For clarity here is a definition of these four different numbers:
- Test capacity is the maximum number of tests that can be done. There are three test capacity points – capacity to collect specimens, the capacity to process specimens, and the capacity to report on results.
- The test done is the number of tests that have completed the above three steps.
- Number of people tested is the number of all people tested
- Number of new cases tested is the number of new people tested, a subset of (3)
A useful guide on how to use these numbers are as follows:
- Total test done will always be higher than total number of people tested. Typically, a susp person can have more than one test before being confirmed as positive or negative.
- Total number of people tested comprises both new and existing confirmed cases.
- Total number of people tested can be analyzed into
- Confirm negative
- Waiting for results
- Positive & actively being treated
- Positive & discharged
- Positive & died
- Total number of new people tested will be a subset of (2)
Focus on the number of people not the number of tests
Governments should focus on two percentages – (1) People tested positive as a percentage of total number of people tested (2) People tested waiting for results as a percentage of total number of people tested. Both these percentages should be trending
down if things are going well. Here is an example of the cumulative number on people/cases tested for South Korea for 1 April 2020
YTD number of people/cases 421,547
Total people/cases with negative results (395,075)
Total number of people tested waiting for the result (16,585)
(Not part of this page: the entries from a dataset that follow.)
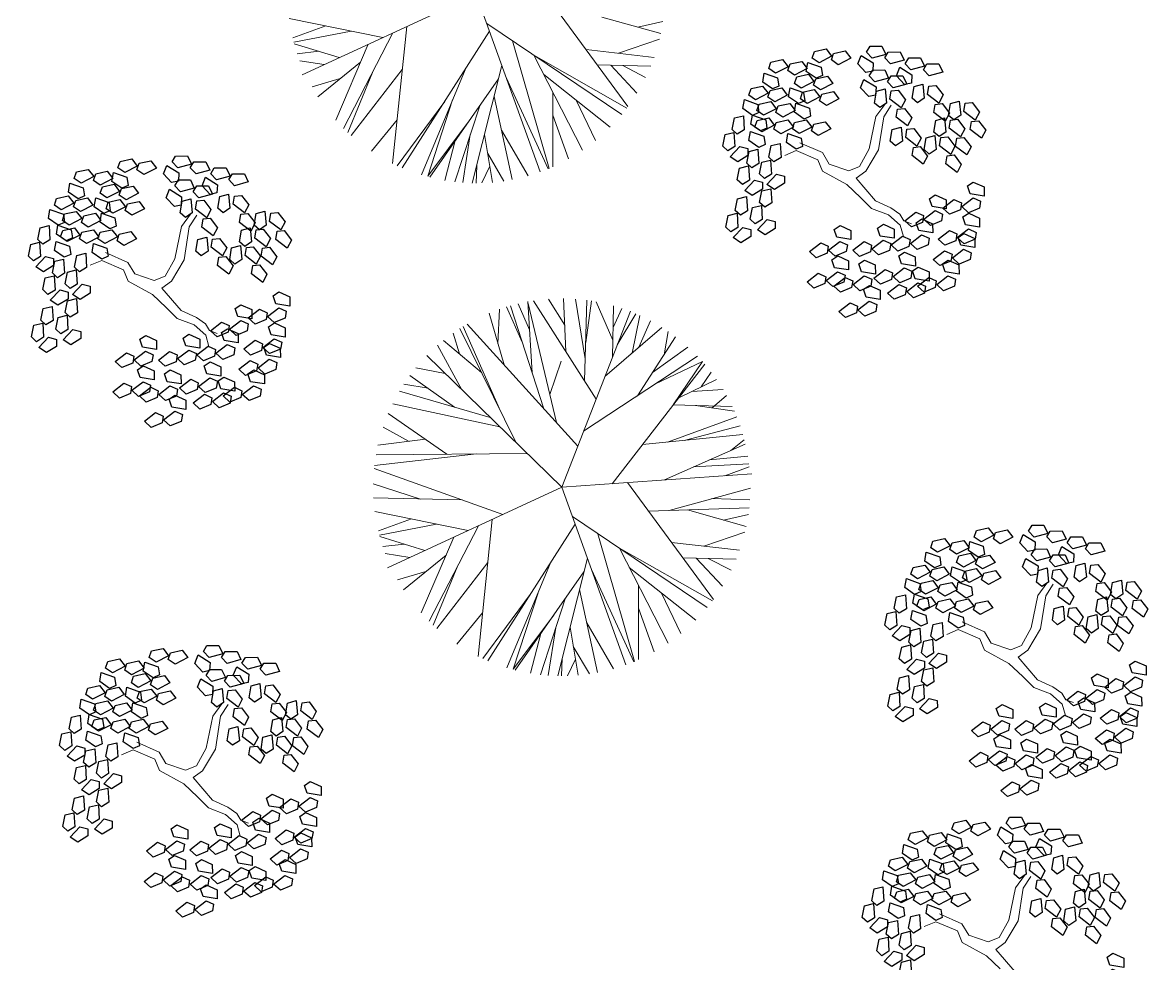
# Model space of a CAD drawing. Header units: millimetres. Extents: x 997 to 4249, y 599 to 1440.
# Drawn here: x 1440.75 to 1463.78, y 891.69 to 910.87 of the extents above; entities that cross this region are included whole.
import ezdxf

# ---------------------------------------------------------------- set-up
doc = ezdxf.new("R2010")
doc.units = ezdxf.units.MM
doc.linetypes.add('Continuo', pattern=[0])
doc.layers.add('cercas existentes', color=18, linetype='Continuous')
doc.layers.add('taludes', color=9, linetype='Continuous')

# ---------------------------------------------------------------- blocks, each defined once
blk = doc.blocks.new('L', base_point=(1.3683, 0.5913))
at = {"linetype": 'Continuo'}
for p, q in [((1.2809, 0.65), (1.3117, 0.675)), ((1.2937, 0.5998), (1.2809, 0.65)), ((1.3117, 0.675), (1.3419, 0.6213)), ((1.2753, 0.5668), (1.3061, 0.5917)), ((1.3225, 0.5909), (1.2937, 0.5998)), ((1.3061, 0.5917), (1.3362, 0.538)), ((1.3419, 0.6213), (1.3225, 0.5909)), ((1.2881, 0.5166), (1.2753, 0.5668)), ((1.337, 0.4891), (1.3557, 0.5478)), ((1.3557, 0.5478), (1.3911, 0.5544)), ((1.3911, 0.5544), (1.4042, 0.5272)), ((1.3169, 0.5076), (1.2881, 0.5166)), ((1.3362, 0.538), (1.3169, 0.5076)), ((1.4042, 0.5272), (1.3763, 0.4836)), ((1.3763, 0.4836), (1.337, 0.4891))]:
    blk.add_line(p, q, dxfattribs=at)
blk = doc.blocks.new('gtfoods1')
at = {"layer": 'taludes', "lineweight": 5, "extrusion": (-0.01642, -0.01246, 0.999788)}
for p, q in [((-473.103, 250.618, 12.098), (-471.352, 248.236, 12.097)), ((-474.446, 250.523, 12.075), (-478, 248.883, 11.996)), ((-474.446, 250.523, 12.075), (-473.141, 246.903, 12.051)), ((-476.356, 249.641, 12.033), (-478.262, 250.031, 12.006)), ((-474.231, 249.926, 12.071), (-471.479, 248.073, 12.093)), ((-471.883, 250.061, 12.111), (-470.683, 249.722, 12.127)), ((-471.15, 249.854, 12.121), (-470.639, 249.968, 12.131)), ((-477.514, 249.878, 12.017), (-478.189, 249.634, 12.002)), ((-477.001, 249.773, 12.024), (-478.167, 249.545, 12.002)), ((-476.149, 249.737, 12.037), (-477.155, 247.791, 11.996)), ((-475.863, 249.869, 12.044), (-476.154, 247.075, 12.004)), ((-474.174, 249.769, 12.07), (-475.955, 246.984, 12.006)), ((-477.243, 249.232, 12.013), (-478.159, 249.516, 12.001)), ((-476.651, 249.505, 12.026), (-477.314, 247.959, 11.996)), ((-473.708, 249.574, 12.075), (-472.96, 246.974, 12.055)), ((-471.547, 249.322, 12.108), (-470.71, 249.606, 12.125)), ((-477.662, 249.362, 12.008), (-478.098, 249.313, 12)), ((-473.272, 249.28, 12.079), (-471.375, 248.205, 12.097)), ((-473.272, 249.28, 12.079), (-472.278, 247.344, 12.071)), ((-472.207, 249.398, 12.098), (-470.82, 249.237, 12.119)), ((-477.548, 249.091, 12.006), (-478.047, 249.169, 11.999)), ((-476.808, 249.14, 12.019), (-477.677, 248.434, 11.996)), ((-475.955, 248.991, 12.031), (-476.998, 247.644, 11.997)), ((-474.676, 248.983, 12.052), (-475.565, 246.842, 12.011)), ((-473.924, 249.074, 12.066), (-474.528, 246.676, 12.026)), ((-471.978, 249.088, 12.098), (-470.888, 249.059, 12.115)), ((-471.702, 249.08, 12.102), (-471.168, 248.508, 12.104)), ((-471.457, 249.074, 12.106), (-470.992, 248.829, 12.111)), ((-477.221, 248.804, 12.008), (-477.798, 248.636, 11.996)), ((-476.566, 248.931, 12.02), (-477.069, 247.709, 11.997)), ((-473.994, 248.797, 12.061), (-475.396, 246.794, 12.013)), ((-473.835, 248.829, 12.064), (-472.98, 246.965, 12.055)), ((-473.07, 248.887, 12.077), (-471.712, 247.815, 12.086)), ((-472.884, 248.524, 12.076), (-472.881, 247.008, 12.057)), ((-475.089, 248.338, 12.037), (-476.058, 247.029, 12.005)), ((-474.93, 248.372, 12.04), (-475.437, 246.814, 12.013)), ((-474.084, 248.439, 12.055), (-473.715, 246.745, 12.04)), ((-472.409, 248.365, 12.082), (-472.016, 247.54, 12.078)), ((-474.376, 248.251, 12.048), (-474.884, 246.7, 12.02)), ((-472.883, 248.061, 12.07), (-472.563, 247.167, 12.064)), ((-476.061, 247.962, 12.017), (-476.586, 247.326, 12)), ((-474.61, 247.917, 12.04), (-475.437, 246.814, 12.013)), ((-474.568, 247.665, 12.037), (-474.722, 246.685, 12.023)), ((-474.278, 247.667, 12.042), (-474.114, 246.69, 12.033)), ((-473.935, 247.757, 12.049), (-473.391, 246.823, 12.046)), ((-474.874, 247.54, 12.031), (-475.087, 246.729, 12.017)), ((-474.213, 247.279, 12.038), (-473.881, 246.717, 12.037)), ((-474.437, 247.036, 12.032), (-474.45, 246.675, 12.027)), ((-474.169, 247.019, 12.036), (-474.33, 246.677, 12.029)), ((-473.508, 243.433, 12.099), (-473.832, 244.15, 12.102)), ((-473.067, 242.075, 12.089), (-473.749, 244.175, 12.104)), ((-473.358, 243.684, 12.104), (-473.591, 244.215, 12.107)), ((-473.303, 242.803, 12.094), (-473.393, 244.257, 12.111)), ((-472.81, 241.792, 12.09), (-473.391, 244.222, 12.11)), ((-471.999, 242.272, 12.109), (-473.282, 244.276, 12.113)), ((-472.642, 243.779, 12.117), (-472.972, 244.31, 12.118)), ((-472.619, 243.239, 12.111), (-472.666, 244.319, 12.124)), ((-472.224, 243.093, 12.116), (-472.423, 244.309, 12.127)), ((-472.238, 242.645, 12.11), (-472.188, 244.285, 12.131)), ((-472.214, 243.422, 12.12), (-472.097, 244.272, 12.132)), ((-471.659, 243.473, 12.13), (-471.998, 244.255, 12.134)), ((-471.666, 243.128, 12.125), (-471.645, 244.171, 12.138)), ((-473.878, 242.968, 12.087), (-474.185, 244.022, 12.095)), ((-474.004, 243.399, 12.09), (-473.974, 244.103, 12.099)), ((-472.701, 240.472, 12.075), (-471.301, 244.063, 12.143)), ((-471.653, 243.732, 12.133), (-471.477, 244.119, 12.141)), ((-471.569, 243.375, 12.13), (-471.193, 244.011, 12.144)), ((-471.267, 243.209, 12.133), (-471.106, 243.973, 12.145)), ((-473.642, 241.39, 12.071), (-474.781, 243.709, 12.081)), ((-473.952, 242.022, 12.074), (-474.717, 243.749, 12.083)), ((-472.374, 241.312, 12.091), (-474.633, 243.8, 12.085)), ((-471.82, 242.731, 12.118), (-470.661, 243.733, 12.149)), ((-471.128, 243.329, 12.136), (-470.895, 243.869, 12.147)), ((-474.341, 242.814, 12.077), (-475.117, 243.467, 12.073)), ((-474.791, 243.193, 12.075), (-474.92, 243.616, 12.078)), ((-471.158, 242.338, 12.124), (-470.379, 243.539, 12.151)), ((-470.616, 243.174, 12.143), (-470.529, 243.647, 12.15)), ((-474.74, 242.462, 12.066), (-475.236, 243.367, 12.069)), ((-470.849, 242.815, 12.135), (-470.128, 243.331, 12.153)), ((-472.701, 240.472, 12.075), (-475.455, 243.16, 12.063)), ((-472.947, 242.367, 12.095), (-472.716, 243.046, 12.107)), ((-472.256, 241.615, 12.097), (-469.933, 243.143, 12.154)), ((-470.789, 242.58, 12.133), (-469.833, 243.035, 12.154)), ((-469.833, 243.035, 12.154), (-470.428, 242.154, 12.133)), ((-474.889, 242.108, 12.059), (-475.799, 242.754, 12.053)), ((-475.079, 242.793, 12.065), (-475.68, 242.908, 12.056)), ((-471.673, 240.545, 12.093), (-469.786, 242.983, 12.154)), ((-469.855, 242.519, 12.147), (-469.653, 242.819, 12.154)), ((-475.431, 242.492, 12.055), (-475.922, 242.577, 12.048)), ((-470.316, 242.299, 12.137), (-469.543, 242.668, 12.154)), ((-474.163, 241.898, 12.069), (-476.013, 242.431, 12.045)), ((-470.046, 242.428, 12.143), (-469.412, 242.467, 12.154)), ((-469.635, 242.09, 12.146), (-469.34, 242.343, 12.154)), ((-473.963, 241.704, 12.07), (-476.151, 242.177, 12.04)), ((-470.428, 242.154, 12.133), (-469.225, 242.12, 12.153)), ((-469.972, 242.141, 12.141), (-469.18, 242.021, 12.152)), ((-475.046, 241.146, 12.045), (-476.243, 241.975, 12.036)), ((-470.542, 241.395, 12.122), (-469.133, 241.91, 12.152)), ((-475.815, 241.409, 12.036), (-476.348, 241.7, 12.03)), ((-470.207, 241.429, 12.128), (-469.065, 241.726, 12.15)), ((-475.484, 241.45, 12.041), (-476.452, 241.33, 12.024)), ((-471.055, 241.344, 12.113), (-469.008, 241.549, 12.149)), ((-469.251, 241.224, 12.141), (-468.978, 241.44, 12.148)), ((-474.439, 241.153, 12.055), (-476.523, 240.918, 12.018)), ((-473.409, 241.163, 12.072), (-476.492, 241.132, 12.021)), ((-470.609, 240.621, 12.111), (-468.957, 241.354, 12.147)), ((-470.012, 240.886, 12.124), (-468.884, 240.948, 12.144)), ((-469.69, 241.029, 12.131), (-468.907, 241.109, 12.145)), ((-473.905, 239.917, 12.048), (-476.529, 240.857, 12.017)), ((-472.701, 240.472, 12.075), (-468.827, 240.747, 12.142)), ((-469.372, 240.709, 12.133), (-468.877, 240.888, 12.143)), ((-475.581, 240.233, 12.025), (-476.548, 240.542, 12.013)), ((-472.701, 240.472, 12.075), (-476.255, 238.832, 11.996)), ((-472.701, 240.472, 12.075), (-471.396, 236.853, 12.051)), ((-471.359, 240.568, 12.098), (-469.607, 238.185, 12.097)), ((-470.51, 240, 12.105), (-468.854, 240.457, 12.138)), ((-474.734, 240.214, 12.038), (-476.542, 240.255, 12.009)), ((-469.637, 240.241, 12.122), (-468.863, 240.213, 12.135)), ((-470.932, 239.987, 12.098), (-468.877, 240.05, 12.133)), ((-470.138, 240.011, 12.111), (-468.938, 239.672, 12.127)), ((-474.611, 239.591, 12.033), (-476.517, 239.981, 12.006)), ((-475.769, 239.828, 12.017), (-476.444, 239.584, 12.002)), ((-474.119, 239.818, 12.044), (-474.409, 237.025, 12.004)), ((-472.486, 239.876, 12.071), (-469.734, 238.023, 12.093)), ((-469.405, 239.804, 12.121), (-468.894, 239.918, 12.131)), ((-475.257, 239.723, 12.024), (-476.422, 239.495, 12.002)), ((-474.404, 239.687, 12.037), (-475.41, 237.741, 11.996)), ((-472.429, 239.718, 12.07), (-474.21, 236.933, 12.006)), ((-469.802, 239.271, 12.108), (-468.965, 239.556, 12.125)), ((-475.498, 239.182, 12.013), (-476.414, 239.466, 12.001)), ((-475.918, 239.312, 12.008), (-476.353, 239.263, 12)), ((-474.907, 239.455, 12.026), (-475.569, 237.909, 11.996)), ((-471.963, 239.524, 12.075), (-471.215, 236.923, 12.055)), ((-470.462, 239.348, 12.098), (-469.075, 239.187, 12.119)), ((-475.803, 239.041, 12.006), (-476.302, 239.119, 11.999)), ((-475.063, 239.09, 12.019), (-475.932, 238.384, 11.996)), ((-471.527, 239.23, 12.079), (-469.63, 238.155, 12.097)), ((-471.527, 239.23, 12.079), (-470.533, 237.294, 12.071)), ((-474.821, 238.88, 12.02), (-475.324, 237.659, 11.997)), ((-474.21, 238.941, 12.031), (-475.253, 237.594, 11.997)), ((-472.932, 238.933, 12.052), (-473.82, 236.792, 12.011)), ((-472.179, 239.024, 12.066), (-472.783, 236.626, 12.026)), ((-470.234, 239.037, 12.098), (-469.143, 239.008, 12.115)), ((-469.957, 239.03, 12.102), (-469.423, 238.458, 12.104)), ((-469.712, 239.023, 12.106), (-469.247, 238.779, 12.111)), ((-475.476, 238.754, 12.008), (-476.054, 238.585, 11.996)), ((-472.249, 238.747, 12.061), (-473.651, 236.744, 12.013)), ((-472.091, 238.779, 12.064), (-471.235, 236.915, 12.055)), ((-471.325, 238.836, 12.077), (-469.967, 237.765, 12.086)), ((-472.339, 238.388, 12.055), (-471.97, 236.695, 12.04)), ((-471.139, 238.474, 12.076), (-471.136, 236.958, 12.057)), ((-473.344, 238.288, 12.037), (-474.313, 236.979, 12.005)), ((-473.185, 238.322, 12.04), (-473.693, 236.763, 12.013)), ((-472.631, 238.201, 12.048), (-473.139, 236.65, 12.02)), ((-470.664, 238.315, 12.082), (-470.271, 237.489, 12.078)), ((-471.138, 238.01, 12.07), (-470.818, 237.117, 12.064)), ((-474.317, 237.912, 12.017), (-474.842, 237.276, 12)), ((-472.865, 237.866, 12.04), (-473.693, 236.763, 12.013)), ((-472.191, 237.706, 12.049), (-471.646, 236.772, 12.046)), ((-473.129, 237.489, 12.031), (-473.342, 236.679, 12.017)), ((-472.823, 237.615, 12.037), (-472.977, 236.635, 12.023)), ((-472.533, 237.617, 12.042), (-472.369, 236.639, 12.033)), ((-472.468, 237.228, 12.038), (-472.136, 236.667, 12.037)), ((-472.692, 236.986, 12.032), (-472.705, 236.625, 12.027)), ((-472.424, 236.969, 12.036), (-472.586, 236.627, 12.029))]:
    blk.add_line(p, q, dxfattribs=at)
at = {"layer": 'taludes', "linetype": 'Continuo', "lineweight": 5, "extrusion": (-0.012368, -0.016489, 0.999788)}
for p, q in [((-466.292, 248.03, 12.097), (-466.111, 248.28, 12.103)), ((-466.133, 248.025, 12.099), (-465.981, 248.263, 12.104)), ((-466.429, 247.373, 12.084), (-466.292, 248.03, 12.097)), ((-466.241, 247.353, 12.086), (-466.133, 248.025, 12.099)), ((-467.385, 247.295, 12.071), (-467.842, 247.498, 12.069)), ((-466.628, 247.015, 12.076), (-466.429, 247.373, 12.084)), ((-467.919, 247.339, 12.065), (-468.154, 247.238, 12.061)), ((-467.477, 247.15, 12.068), (-467.919, 247.339, 12.065)), ((-467.383, 246.917, 12.065), (-467.477, 247.15, 12.068)), ((-467.248, 247.061, 12.069), (-467.385, 247.295, 12.071)), ((-466.501, 246.916, 12.076), (-466.241, 247.353, 12.086)), ((-466.885, 246.645, 12.067), (-467.383, 246.917, 12.065)), ((-466.847, 246.927, 12.072), (-467.248, 247.061, 12.069)), ((-466.847, 246.927, 12.072), (-466.628, 247.015, 12.076)), ((-466.693, 246.774, 12.071), (-466.501, 246.916, 12.076)), ((-466.693, 246.774, 12.071), (-466.302, 246.316, 12.068)), ((-466.885, 246.645, 12.067), (-466.604, 246.38, 12.066)), ((-466.604, 246.38, 12.066), (-466.38, 246.157, 12.065)), ((-466.302, 246.316, 12.068), (-465.989, 246.171, 12.07)), ((-480.459, 245.79, 12.097), (-480.278, 246.04, 12.103)), ((-480.301, 245.785, 12.099), (-480.148, 246.023, 12.104)), ((-466.38, 246.157, 12.065), (-466.037, 246.024, 12.067)), ((-466.037, 246.024, 12.067), (-465.798, 245.814, 12.066)), ((-465.989, 246.171, 12.07), (-465.805, 246.044, 12.07)), ((-465.805, 246.044, 12.07), (-465.722, 245.906, 12.069)), ((-480.596, 245.133, 12.084), (-480.459, 245.79, 12.097)), ((-480.408, 245.113, 12.086), (-480.301, 245.785, 12.099)), ((-465.798, 245.814, 12.066), (-465.733, 245.583, 12.063)), ((-465.722, 245.906, 12.069), (-465.565, 245.847, 12.07)), ((-482.086, 245.098, 12.065), (-482.321, 244.998, 12.061)), ((-481.644, 244.909, 12.068), (-482.086, 245.098, 12.065)), ((-481.553, 245.055, 12.071), (-482.009, 245.258, 12.069)), ((-480.795, 244.774, 12.076), (-480.596, 245.133, 12.084)), ((-480.668, 244.676, 12.076), (-480.408, 245.113, 12.086)), ((-481.55, 244.677, 12.065), (-481.644, 244.909, 12.068)), ((-481.416, 244.821, 12.069), (-481.553, 245.055, 12.071)), ((-481.053, 244.405, 12.067), (-481.55, 244.677, 12.065)), ((-481.015, 244.687, 12.072), (-481.416, 244.821, 12.069)), ((-481.015, 244.687, 12.072), (-480.795, 244.774, 12.076)), ((-480.86, 244.534, 12.071), (-480.668, 244.676, 12.076)), ((-481.053, 244.405, 12.067), (-480.771, 244.139, 12.066)), ((-480.86, 244.534, 12.071), (-480.47, 244.076, 12.068)), ((-480.771, 244.139, 12.066), (-480.547, 243.916, 12.065)), ((-480.547, 243.916, 12.065), (-480.204, 243.784, 12.067)), ((-480.47, 244.076, 12.068), (-480.156, 243.931, 12.07)), ((-480.156, 243.931, 12.07), (-479.972, 243.804, 12.07)), ((-480.204, 243.784, 12.067), (-479.965, 243.574, 12.066)), ((-479.972, 243.804, 12.07), (-479.89, 243.666, 12.069)), ((-479.965, 243.574, 12.066), (-479.9, 243.343, 12.063)), ((-479.89, 243.666, 12.069), (-479.733, 243.607, 12.07)), ((-462.986, 238.263, 12.097), (-462.805, 238.514, 12.103)), ((-462.828, 238.258, 12.099), (-462.675, 238.496, 12.104)), ((-463.123, 237.606, 12.084), (-462.986, 238.263, 12.097)), ((-462.935, 237.587, 12.086), (-462.828, 238.258, 12.099)), ((-464.08, 237.528, 12.071), (-464.536, 237.732, 12.069)), ((-464.613, 237.572, 12.065), (-464.848, 237.472, 12.061)), ((-464.171, 237.383, 12.068), (-464.613, 237.572, 12.065)), ((-463.943, 237.294, 12.069), (-464.08, 237.528, 12.071)), ((-463.322, 237.248, 12.076), (-463.123, 237.606, 12.084)), ((-463.195, 237.149, 12.076), (-462.935, 237.587, 12.086)), ((-464.077, 237.15, 12.065), (-464.171, 237.383, 12.068)), ((-463.542, 237.16, 12.072), (-463.943, 237.294, 12.069)), ((-463.542, 237.16, 12.072), (-463.322, 237.248, 12.076)), ((-463.58, 236.878, 12.067), (-464.077, 237.15, 12.065)), ((-463.387, 237.007, 12.071), (-463.195, 237.149, 12.076)), ((-463.387, 237.007, 12.071), (-462.997, 236.549, 12.068)), ((-463.58, 236.878, 12.067), (-463.298, 236.613, 12.066)), ((-463.298, 236.613, 12.066), (-463.074, 236.39, 12.065)), ((-462.997, 236.549, 12.068), (-462.683, 236.404, 12.07)), ((-463.074, 236.39, 12.065), (-462.731, 236.258, 12.067)), ((-462.683, 236.404, 12.07), (-462.499, 236.277, 12.07)), ((-462.731, 236.258, 12.067), (-462.492, 236.047, 12.066)), ((-462.499, 236.277, 12.07), (-462.417, 236.14, 12.069)), ((-462.417, 236.14, 12.069), (-462.26, 236.081, 12.07)), ((-479.821, 235.808, 12.097), (-479.639, 236.058, 12.103)), ((-479.662, 235.803, 12.099), (-479.51, 236.041, 12.104)), ((-462.492, 236.047, 12.066), (-462.427, 235.816, 12.063)), ((-479.957, 235.151, 12.084), (-479.821, 235.808, 12.097)), ((-479.77, 235.131, 12.086), (-479.662, 235.803, 12.099)), ((-480.914, 235.073, 12.071), (-481.371, 235.276, 12.069)), ((-481.448, 235.117, 12.065), (-481.683, 235.016, 12.061)), ((-481.006, 234.928, 12.068), (-481.448, 235.117, 12.065)), ((-480.912, 234.695, 12.065), (-481.006, 234.928, 12.068)), ((-480.777, 234.839, 12.069), (-480.914, 235.073, 12.071)), ((-480.156, 234.793, 12.076), (-479.957, 235.151, 12.084)), ((-480.029, 234.694, 12.076), (-479.77, 235.131, 12.086)), ((-480.414, 234.423, 12.067), (-480.912, 234.695, 12.065)), ((-480.376, 234.705, 12.072), (-480.777, 234.839, 12.069)), ((-480.376, 234.705, 12.072), (-480.156, 234.793, 12.076)), ((-480.222, 234.552, 12.071), (-480.029, 234.694, 12.076)), ((-480.222, 234.552, 12.071), (-479.831, 234.094, 12.068)), ((-480.414, 234.423, 12.067), (-480.133, 234.158, 12.066)), ((-480.133, 234.158, 12.066), (-479.909, 233.935, 12.065)), ((-479.831, 234.094, 12.068), (-479.518, 233.949, 12.07)), ((-479.909, 233.935, 12.065), (-479.566, 233.802, 12.067)), ((-479.566, 233.802, 12.067), (-479.327, 233.592, 12.066)), ((-479.518, 233.949, 12.07), (-479.334, 233.822, 12.07)), ((-479.334, 233.822, 12.07), (-479.251, 233.684, 12.069)), ((-479.327, 233.592, 12.066), (-479.261, 233.361, 12.063)), ((-479.251, 233.684, 12.069), (-479.094, 233.625, 12.07)), ((-463.444, 232.306, 12.097), (-463.263, 232.556, 12.103)), ((-463.285, 232.301, 12.099), (-463.133, 232.539, 12.104)), ((-463.58, 231.649, 12.084), (-463.444, 232.306, 12.097)), ((-463.393, 231.629, 12.086), (-463.285, 232.301, 12.099)), ((-464.537, 231.571, 12.071), (-464.994, 231.774, 12.069)), ((-465.071, 231.615, 12.065), (-465.306, 231.514, 12.061)), ((-464.629, 231.426, 12.068), (-465.071, 231.615, 12.065)), ((-464.4, 231.337, 12.069), (-464.537, 231.571, 12.071)), ((-463.78, 231.291, 12.076), (-463.58, 231.649, 12.084)), ((-463.653, 231.192, 12.076), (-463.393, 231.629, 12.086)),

Total number of people tested & confirm positive (9,887)
Of the 9,887 people tested & confirmed positive:
- These people have died (165)
- These people have recovered (5,567)
- These people are still under active care (4,155)
People tested positive as a % of total people tested – 2.34%
People tested waiting for results as a % of total people tested – 3.9%
There is clear and present danger when governments make crucial decisions either without understanding what these numbers mean or deliberately misusing them to suit their other agendas. One of the most glaring example is to declare success because fewer new cases have been detected from an increase in number of tests done. Anybody see why this is incorrect?
Final word - no room for complacency
Together with South Korea, Singapore is considered an exemplar that has managed the first wave of this pandemic better than most. On 4 April 2020, with daily new cases trending in the wrong direction, Singapore's government decided on a decisive and further restrictive package of NPIs. This latest move by Singapore shows that no country can be complacent. Strategies has to be constantly reviewed and plans changed decisively based on the latest information.
With this pandemic, there is no room for complacency. Poor decisions by governments based on erroneous, incomplete and out of date information will be paid for by increased infections and fatalities of its frontline first responders, health professionals, and the general population. So, get it right Presidents and Prime Ministers! If you get it wrong, you will be remembered as the person that at this crucial time failed your people, cause untold suffering and the death of thousands. If you get it right, it is why you took the high office – to protect and serve.